Linux-Zeitschriften kaufe ich eigentlich nur, wenn ein wirklich intressantes Thema drin ist, das mich intressiert und über das ich im Web nix finden kann...

MfG

kleinerfreak

----------

## MatzeOne

ab und zu c't, iX oder Linux Magazin

----------

## pablo_supertux

@Scruffy: du hast die Option "keine" vergessen, ich lese nämlich keine.

----------

## klemi

Ich lese regelmäßig die viertjährlich erscheinenden Ausgaben von PC!Linux und LINUX INTERN

----------

## Inte

Ich lese ab und zu das Linux Magazin wenn mich das Titelthema interessiert. Um das Abonnement zu lesen hab ich einfach nicht genug Zeit. Die Sonderhefte (Security Edition) kauf ich mir fast immer.

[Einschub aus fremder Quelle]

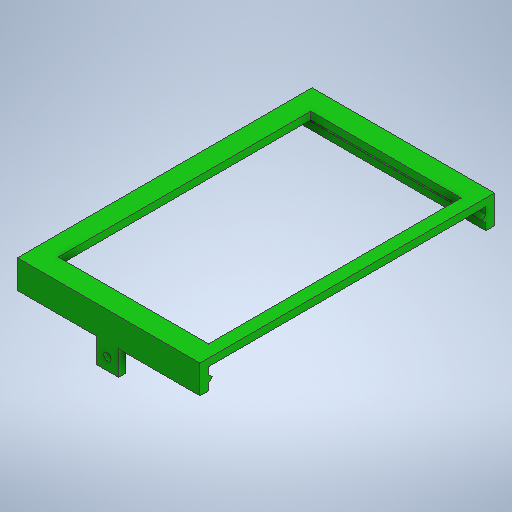
# Autodesk Inventor part: plate top
Saved by Autodesk Inventor 2026.1 (Build 301233020, 233B)
## iProperties
Created: 2025-07-03
Part Number: plate top
Material: Generic
Document SubType Name: Modeling
Designer: admin
Density: 1 g/cm^3
Appearance: Default
Author: admin
Autodesk Inventor part; units mm, degrees
ref_plane "YZ Plane" through (0, 0, 0) normal (1, 0, 0) x (0, 1, 0)
ref_plane "XZ Plane" through (0, 0, 0) normal (0, 1, 0) x (-1, 0, 0)
ref_plane "XY Plane" through (0, 0, 0) normal (0, 0, 1) x (1, 0, 0)
sketch "Sketch1" plane through (0, 0, 0) normal (0, 1, 0) x (-1, 0, 0)
  line L0 (21.9355, 25.495) -> (-52.0645, 25.495)
  line L1 (-52.0645, 25.495) -> (-52.0645, -94.005)
  line L2 (-52.0645, -94.005) -> (21.9355, -94.005)
  line L3 (21.9355, -94.005) -> (21.9355, 25.495)
  point P0 (0, 0)
  dimension "d0" = 119.5
  dimension "d1" = 74
  constraints: 8 end point, 3 perpendicular, 1 horizontal
  measures "d0" distance of L2.end L0.start
  measures "d1" distance of L0.start L0.end
extrude "Extrusion1" add sketch "Sketch1" against normal blind 3
sketch "Sketch2" plane through (0, 0, 0) normal (0, 1, 0) x (1, 0, 0)
  line L0 (-13.9355, -16.995) -> (-13.9355, 85.505)
  line L1 (-13.9355, 85.505) -> (47.0645, 85.505)
  line L2 (-21.9355, 94.005) -> (52.0645, 94.005) projected
  line L3 (47.0645, 85.505) -> (47.0645, -16.995)
  line L4 (47.0645, -16.995) -> (-13.9355, -16.995)
  line L5 (-21.9355, -25.495) -> (52.0645, -25.495) projected
  line L6 (-21.9355, 94.005) -> (-21.9355, -25.495) projected
  line L7 (52.0645, -25.495) -> (52.0645, 94.005) projected
  point P0 (0, 0)
  dimension "d4" = 8.5
  dimension "d5" = 8.5
  dimension "d6" = 8
  dimension "d7" = 5
  constraints: 8 end point, 2 perpendicular, 1 parallel, 1 vertical
  measures "d4" distance between parallel lines of L4 L5
  measures "d5" distance between parallel lines of L1 L2
  measures "d6" distance between parallel lines of L0 L6
  measures "d7" distance between parallel lines of L7 L3
extrude "Extrusion2" cut sketch "Sketch2" against normal blind 3 contours L0 L1 L3 L4
sketch "Sketch7" plane through (0, -3, 0) normal (0, -1, 0) x (1, 0, 0)
  line L0 (52.0645, 25.495) -> (-21.9355, 25.495) projected
  line L1 (52.0645, 25.495) -> (52.0645, 21.995)
  line L2 (52.0645, -94.005) -> (52.0645, 25.495) projected
  line L3 (52.0645, 21.995) -> (-21.9355, 21.995)
  line L4 (-21.9355, 21.995) -> (-21.9355, 25.495)
  line L5 (-21.9355, 25.495) -> (52.0645, 25.495)
  line L6 (52.0645, -94.005) -> (52.0645, -90.505)
  line L7 (52.0645, -90.505) -> (-21.9355, -90.505)
  line L8 (-21.9355, -90.505) -> (-21.9355, -94.005)
  line L9 (-21.9355, -94.005) -> (52.0645, -94.005)
  point P0 (0, 0)
  point P1 (-21.9355, 25.495)
  dimension "d82" = 3.5
  dimension "d83" = 74
  dimension "d84" = 3.5
  dimension "d107" = 74
  constraints: 16 end point, 6 perpendicular, 2 point on line
  measures "d82" distance of L0.start L1.end
  measures "d83" distance of L1.end L3.end
  measures "d84" distance of L2.start L6.end
  measures "d107" distance of L6.end L7.end
extrude "Extrusion7" add sketch "Sketch7" along normal blind 8.5
sketch "Sketch8" plane through (52.0645, 0, 25.495) normal (1, 0, 0) x (0, 0, -1)
  line L0 (3.5, -3) -> (3.5, -11.5) projected
  line L1 (3.5, -5.75) -> (5, -7.25)
  line L2 (5, -7.25) -> (3.5, -8.75)
  line L3 (116, -3) -> (3.5, -3) projected
  line L4 (116, -3) -> (116, -11.5) projected
  line L5 (116, -5.75) -> (114.5, -7.25)
  line L6 (114.5, -7.25) -> (116, -8.75)
  point P0 (25.495, 0)
  dimension "d87" = 45
  dimension "d88" = 1.5
  dimension "d89" = 4.25
  dimension "d90" = 45
  dimension "d91" = 45
  dimension "d92" = 4.25
  dimension "d93" = 1.5
  constraints: 8 end point, 4 point on line, 1 perpendicular
  measures "d87" angle of L1 L0
  measures "d88" distance from line of L0 L1.end
  measures "d89" distance from line of L3 L1.end
  measures "d90" angle of L4 L5
  measures "d91" angle of L4 L6
  measures "d92" distance from line of L3 L5.end
  measures "d93" distance from line of L5.end L4
extrude "Extrusion8" add sketch "Sketch8" against normal blind 74
sketch "Sketch9" plane through (0, -11.5, 0) normal (0, -1, 0) x (1, 0, 0)
  line L0 (-21.9355, 25.495) -> (52.0645, 25.495) projected
  line L1 (10.0645, 25.495) -> (19.0645, 25.495)
  line L2 (19.0645, 25.495) -> (19.0645, 22.495)
  line L3 (10.0645, 22.495) -> (10.0645, 25.495)
  line L4 (52.0645, 21.995) -> (52.0645, 25.495) projected
  line L5 (-21.9355, 25.495) -> (-21.9355, 21.995) projected
  line L6 (10.0645, 22.495) -> (19.0645, 22.495)
  line L7 (52.0645, 21.995) -> (-21.9355, 21.995) projected
  point P0 (0, 0)
  dimension "d96" = 9
  dimension "d97" = 3
  dimension "d99" = 32
  constraints: 8 end point, 2 parallel, 1 horizontal, 1 perpendicular, 1 point on line
  measures "d96" distance of L2.end L3.start
  measures "d97" distance of L1.end L2.end
  measures "d99" distance between parallel lines of L3 L5
extrude "Extrusion9" add sketch "Sketch9" along normal blind 10 contours L0 L2 L6 L3
sketch "Sketch10" plane through (-21.9355, 0, 25.495) normal (0, 0, 1) x (1, 0, 0)
  circle A0 centre (36.5, -16.5) radius 1.5
  line L0 (41, -21.5) -> (32, -21.5) projected
  line L1 (32, -11.5) -> (32, -21.5) projected
  point P0 (21.9355, 0)
  dimension "d102" = 3
  dimension "d103" = 5
  dimension "d104" = 4.5
  constraints: 1 centre point
  measures "d102" diameter of A0
  measures "d103" distance from line of A0.centre L0
  measures "d104" distance from line of L1 A0.centre
extrude "Extrusion10" cut sketch "Sketch10" against normal blind 10
body "Solid1"

c't und iX hab ich seit Ewigkeiten nicht mehr gekauft. Die liegen sowieso überall rum.  :Wink: 

----------

## ralph

Nicht, dass ich sie regelmäßig lese, aber ziemlich gut ist sie trotzdem:

http://www.cul.de/freex.html

----------

## janosch_daiw

Zum Einstieg mit Linux (ca. 1 Jahr her) habe ich mit EasyLinux angefangen. Nach kurzer Zeit war diese Zeitung aber etwas ermüdend, weil ich mehr wissen wollte: Es werden Themen fast nur SUSE-, Fedora- oder Mandrakespezifisch behandelt.

Der LinuxUser war die nächste Stufe in der Linux NewMedia-Hirachie  :Smile:  Den finde ich gelungen, auch wenn er mir manchmal was KDE-lastig vorkommt. Und den Preis von 5,00 EUR für die Zeitschrift finde ich etwas happig. Aber immerhin bin ich durch LinuxUser zu FVWM gekommen und dafür bin ich der Zeitschrift dankbar   :Very Happy: 

Für das LinuxMagazin bin ich noch nicht geekig genug. Ich sage nur: die Serie über die Kernelinternas.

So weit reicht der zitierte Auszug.